[Dataset items]
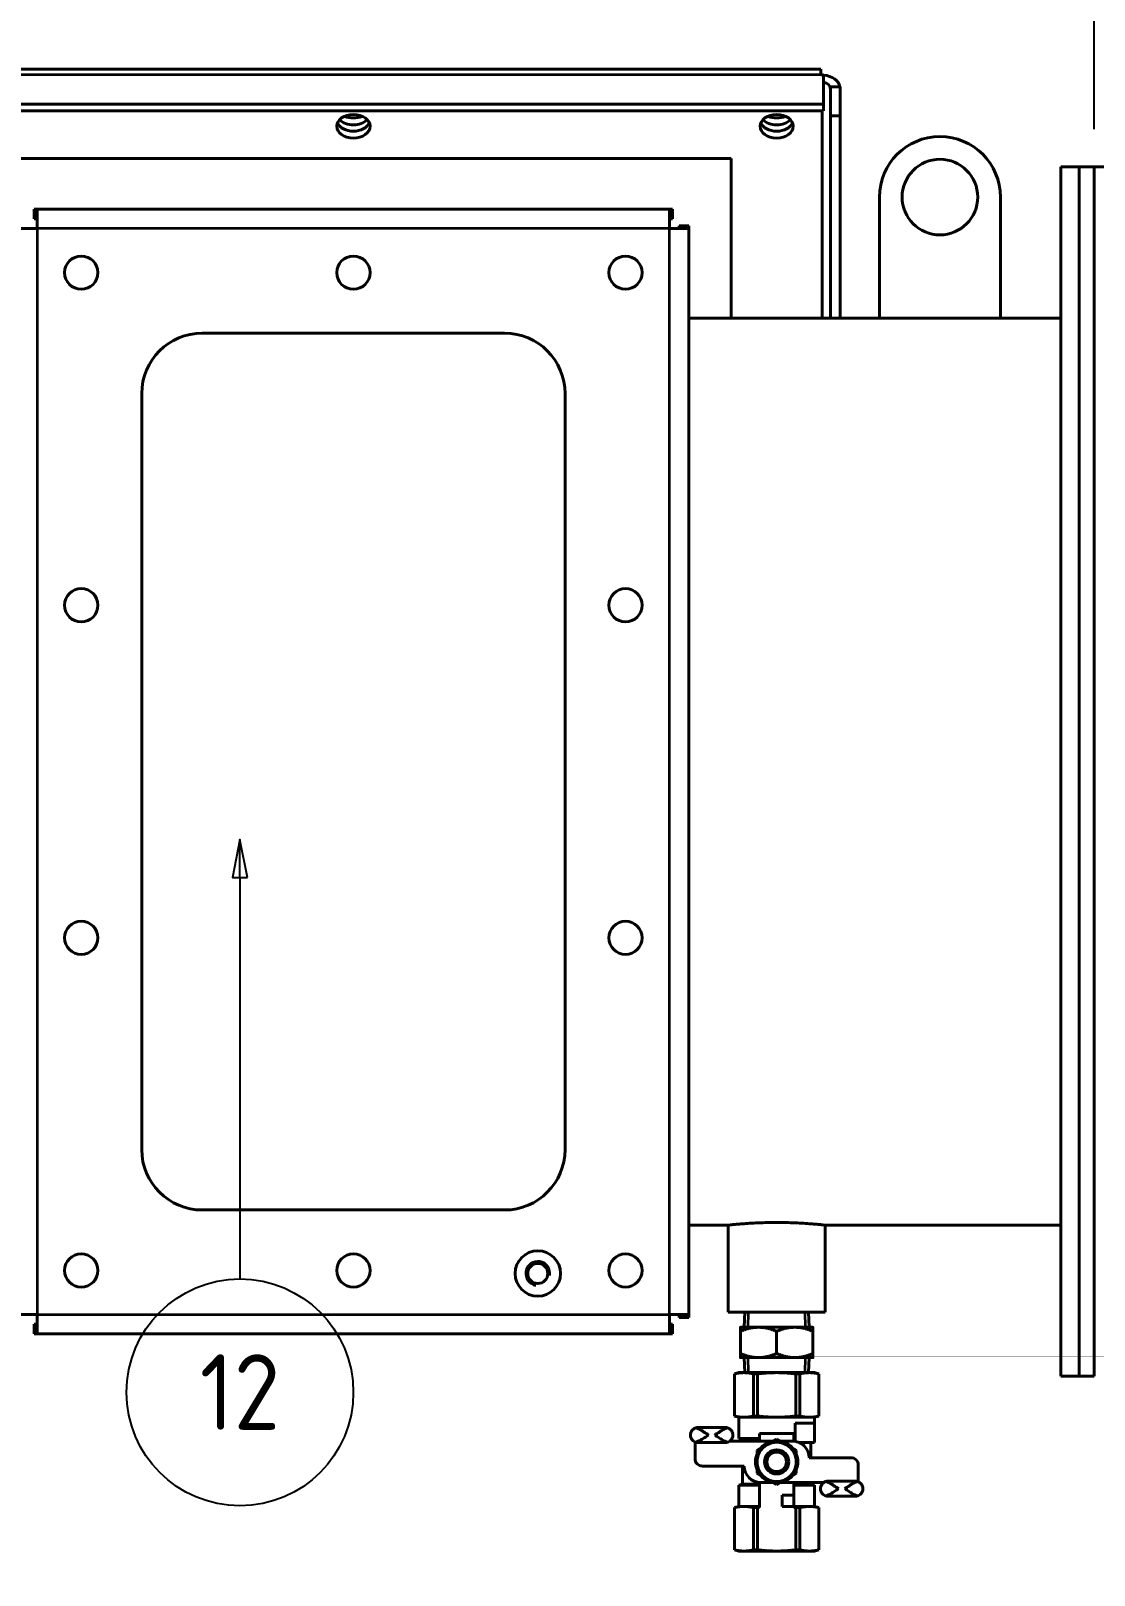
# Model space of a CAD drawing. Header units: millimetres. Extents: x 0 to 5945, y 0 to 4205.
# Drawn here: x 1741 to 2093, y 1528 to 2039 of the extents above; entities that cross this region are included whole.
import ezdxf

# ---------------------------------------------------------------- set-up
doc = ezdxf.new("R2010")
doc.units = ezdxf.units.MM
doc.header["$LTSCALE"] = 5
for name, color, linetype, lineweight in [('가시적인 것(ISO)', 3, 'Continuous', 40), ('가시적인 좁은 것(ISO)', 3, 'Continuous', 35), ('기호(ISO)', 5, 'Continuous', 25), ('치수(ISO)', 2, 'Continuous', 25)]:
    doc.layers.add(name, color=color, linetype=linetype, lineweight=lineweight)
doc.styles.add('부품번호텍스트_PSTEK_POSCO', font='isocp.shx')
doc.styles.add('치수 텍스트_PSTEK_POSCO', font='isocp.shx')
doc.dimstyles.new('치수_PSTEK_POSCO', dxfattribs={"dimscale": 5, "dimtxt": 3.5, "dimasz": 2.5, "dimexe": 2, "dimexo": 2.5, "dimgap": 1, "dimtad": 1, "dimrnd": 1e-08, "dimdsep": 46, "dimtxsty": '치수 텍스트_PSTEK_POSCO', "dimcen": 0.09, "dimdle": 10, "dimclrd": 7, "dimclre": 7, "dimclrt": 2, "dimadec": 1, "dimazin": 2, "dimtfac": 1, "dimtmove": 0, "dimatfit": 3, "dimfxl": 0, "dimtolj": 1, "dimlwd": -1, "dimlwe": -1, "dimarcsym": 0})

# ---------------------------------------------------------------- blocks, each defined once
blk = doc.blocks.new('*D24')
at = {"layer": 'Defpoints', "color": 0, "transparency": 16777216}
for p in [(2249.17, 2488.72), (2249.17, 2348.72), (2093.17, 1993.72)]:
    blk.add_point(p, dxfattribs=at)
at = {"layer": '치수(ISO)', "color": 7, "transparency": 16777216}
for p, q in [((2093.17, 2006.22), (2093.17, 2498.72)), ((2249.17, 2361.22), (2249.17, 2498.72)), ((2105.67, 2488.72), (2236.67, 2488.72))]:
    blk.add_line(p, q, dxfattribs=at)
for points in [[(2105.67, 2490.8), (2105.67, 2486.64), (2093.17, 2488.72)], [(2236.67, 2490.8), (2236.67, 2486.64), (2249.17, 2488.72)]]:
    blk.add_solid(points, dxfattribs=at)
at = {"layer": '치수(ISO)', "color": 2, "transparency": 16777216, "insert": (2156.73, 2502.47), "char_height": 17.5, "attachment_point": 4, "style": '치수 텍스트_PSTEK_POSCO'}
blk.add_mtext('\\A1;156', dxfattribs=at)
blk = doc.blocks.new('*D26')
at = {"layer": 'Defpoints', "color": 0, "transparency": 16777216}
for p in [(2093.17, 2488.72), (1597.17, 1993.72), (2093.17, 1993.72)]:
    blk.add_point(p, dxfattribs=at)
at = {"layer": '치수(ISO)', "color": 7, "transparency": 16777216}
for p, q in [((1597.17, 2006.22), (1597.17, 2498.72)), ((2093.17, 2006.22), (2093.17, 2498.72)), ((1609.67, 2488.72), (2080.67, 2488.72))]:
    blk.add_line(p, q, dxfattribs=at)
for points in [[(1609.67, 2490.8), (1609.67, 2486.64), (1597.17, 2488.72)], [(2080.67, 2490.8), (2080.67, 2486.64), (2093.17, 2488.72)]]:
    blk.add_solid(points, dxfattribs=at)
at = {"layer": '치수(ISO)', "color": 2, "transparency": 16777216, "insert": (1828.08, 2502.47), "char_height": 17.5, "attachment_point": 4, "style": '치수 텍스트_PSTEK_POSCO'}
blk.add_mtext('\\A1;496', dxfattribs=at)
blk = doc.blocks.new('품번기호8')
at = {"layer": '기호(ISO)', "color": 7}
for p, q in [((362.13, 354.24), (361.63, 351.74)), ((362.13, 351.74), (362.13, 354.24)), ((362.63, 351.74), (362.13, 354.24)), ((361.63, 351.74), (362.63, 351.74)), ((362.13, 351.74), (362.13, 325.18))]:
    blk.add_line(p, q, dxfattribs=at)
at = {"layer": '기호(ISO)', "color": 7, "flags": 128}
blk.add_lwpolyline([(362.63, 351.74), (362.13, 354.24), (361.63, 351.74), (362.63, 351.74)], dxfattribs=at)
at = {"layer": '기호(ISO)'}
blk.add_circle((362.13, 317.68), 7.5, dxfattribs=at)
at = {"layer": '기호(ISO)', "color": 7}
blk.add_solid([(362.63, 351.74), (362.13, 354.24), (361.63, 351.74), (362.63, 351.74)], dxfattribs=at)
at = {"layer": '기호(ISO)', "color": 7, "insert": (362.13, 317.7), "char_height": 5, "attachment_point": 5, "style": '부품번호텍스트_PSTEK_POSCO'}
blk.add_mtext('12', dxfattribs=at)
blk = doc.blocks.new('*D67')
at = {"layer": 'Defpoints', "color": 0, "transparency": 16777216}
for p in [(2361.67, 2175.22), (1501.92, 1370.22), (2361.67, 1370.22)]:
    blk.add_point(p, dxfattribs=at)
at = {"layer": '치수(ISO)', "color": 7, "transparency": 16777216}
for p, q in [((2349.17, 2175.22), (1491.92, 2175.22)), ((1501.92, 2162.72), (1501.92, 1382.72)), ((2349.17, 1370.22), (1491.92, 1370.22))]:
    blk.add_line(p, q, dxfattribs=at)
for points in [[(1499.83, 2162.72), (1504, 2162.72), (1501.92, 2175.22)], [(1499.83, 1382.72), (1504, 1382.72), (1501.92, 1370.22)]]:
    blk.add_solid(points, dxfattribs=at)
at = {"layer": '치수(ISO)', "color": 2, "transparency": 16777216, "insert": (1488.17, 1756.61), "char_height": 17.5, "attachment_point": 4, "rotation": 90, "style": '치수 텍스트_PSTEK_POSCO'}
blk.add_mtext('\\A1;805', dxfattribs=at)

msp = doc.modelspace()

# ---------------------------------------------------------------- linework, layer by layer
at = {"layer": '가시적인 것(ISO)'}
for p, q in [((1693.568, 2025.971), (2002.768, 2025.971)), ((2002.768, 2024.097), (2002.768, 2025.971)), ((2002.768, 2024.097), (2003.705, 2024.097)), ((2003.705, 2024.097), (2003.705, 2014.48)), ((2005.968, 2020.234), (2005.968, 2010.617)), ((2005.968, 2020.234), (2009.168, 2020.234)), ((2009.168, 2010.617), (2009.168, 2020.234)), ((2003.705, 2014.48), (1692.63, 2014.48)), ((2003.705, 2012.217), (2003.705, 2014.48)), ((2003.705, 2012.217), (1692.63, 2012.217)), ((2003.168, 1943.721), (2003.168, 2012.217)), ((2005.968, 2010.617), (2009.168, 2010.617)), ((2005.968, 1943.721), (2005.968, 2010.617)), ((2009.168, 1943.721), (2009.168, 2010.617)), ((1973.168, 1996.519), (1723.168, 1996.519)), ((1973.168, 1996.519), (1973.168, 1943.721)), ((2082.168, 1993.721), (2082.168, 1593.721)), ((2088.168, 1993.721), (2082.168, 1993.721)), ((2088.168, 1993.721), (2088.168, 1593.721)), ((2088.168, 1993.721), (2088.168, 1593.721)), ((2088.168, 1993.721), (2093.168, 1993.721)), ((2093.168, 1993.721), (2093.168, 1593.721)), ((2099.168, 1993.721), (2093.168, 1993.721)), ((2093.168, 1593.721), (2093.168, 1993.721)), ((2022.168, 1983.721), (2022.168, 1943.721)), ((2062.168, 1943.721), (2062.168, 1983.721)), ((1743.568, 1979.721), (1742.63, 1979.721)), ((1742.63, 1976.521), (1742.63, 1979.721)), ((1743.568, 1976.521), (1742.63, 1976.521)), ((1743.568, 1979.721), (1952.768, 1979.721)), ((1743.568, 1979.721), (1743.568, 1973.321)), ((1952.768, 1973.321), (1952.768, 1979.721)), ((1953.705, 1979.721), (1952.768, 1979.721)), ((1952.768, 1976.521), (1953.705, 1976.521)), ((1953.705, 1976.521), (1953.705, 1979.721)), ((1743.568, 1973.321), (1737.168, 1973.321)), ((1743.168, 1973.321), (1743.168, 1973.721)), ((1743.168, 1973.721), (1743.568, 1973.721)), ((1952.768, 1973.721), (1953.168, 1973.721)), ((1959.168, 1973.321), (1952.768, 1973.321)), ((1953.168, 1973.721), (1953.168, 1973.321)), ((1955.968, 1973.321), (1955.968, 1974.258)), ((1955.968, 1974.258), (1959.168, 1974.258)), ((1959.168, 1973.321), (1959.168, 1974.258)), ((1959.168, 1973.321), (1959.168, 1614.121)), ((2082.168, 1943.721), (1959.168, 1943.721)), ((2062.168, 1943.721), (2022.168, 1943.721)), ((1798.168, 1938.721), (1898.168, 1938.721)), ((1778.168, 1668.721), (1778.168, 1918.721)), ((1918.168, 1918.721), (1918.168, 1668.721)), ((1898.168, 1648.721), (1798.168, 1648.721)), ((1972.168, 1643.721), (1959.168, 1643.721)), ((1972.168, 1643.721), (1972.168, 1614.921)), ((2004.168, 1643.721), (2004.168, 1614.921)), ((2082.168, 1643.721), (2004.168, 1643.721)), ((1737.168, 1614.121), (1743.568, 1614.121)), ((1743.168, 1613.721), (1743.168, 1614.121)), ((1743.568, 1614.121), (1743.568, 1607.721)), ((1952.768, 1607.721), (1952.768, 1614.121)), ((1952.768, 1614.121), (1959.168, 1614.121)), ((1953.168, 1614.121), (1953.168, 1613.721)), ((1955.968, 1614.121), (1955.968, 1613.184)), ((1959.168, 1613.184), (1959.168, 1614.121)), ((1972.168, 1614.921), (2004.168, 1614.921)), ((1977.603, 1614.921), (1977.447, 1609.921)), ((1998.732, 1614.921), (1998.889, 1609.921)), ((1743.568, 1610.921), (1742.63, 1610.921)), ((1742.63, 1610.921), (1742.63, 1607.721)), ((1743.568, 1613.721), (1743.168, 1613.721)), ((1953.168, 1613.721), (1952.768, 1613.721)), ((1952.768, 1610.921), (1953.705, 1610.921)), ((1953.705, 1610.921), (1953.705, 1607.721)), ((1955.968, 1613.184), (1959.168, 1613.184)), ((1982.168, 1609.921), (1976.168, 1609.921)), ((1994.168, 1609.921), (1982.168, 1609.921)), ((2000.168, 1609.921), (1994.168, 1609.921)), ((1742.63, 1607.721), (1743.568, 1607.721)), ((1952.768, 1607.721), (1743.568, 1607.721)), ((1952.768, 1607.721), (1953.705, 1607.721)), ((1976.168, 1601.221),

Exercise ▸
Copy out, from the records above, every line that holds the string "insert".

Response to this task ▸
at = {"layer": '치수(ISO)', "color": 2, "transparency": 16777216, "insert": (2156.73, 2502.47), "char_height": 17.5, "attachment_point": 4, "style": '치수 텍스트_PSTEK_POSCO'}
at = {"layer": '치수(ISO)', "color": 2, "transparency": 16777216, "insert": (1828.08, 2502.47), "char_height": 17.5, "attachment_point": 4, "style": '치수 텍스트_PSTEK_POSCO'}
at = {"layer": '기호(ISO)', "color": 7, "insert": (362.13, 317.7), "char_height": 5, "attachment_point": 5, "style": '부품번호텍스트_PSTEK_POSCO'}
at = {"layer": '치수(ISO)', "color": 2, "transparency": 16777216, "insert": (1488.17, 1756.61), "char_height": 17.5, "attachment_point": 4, "rotation": 90, "style": '치수 텍스트_PSTEK_POSCO'}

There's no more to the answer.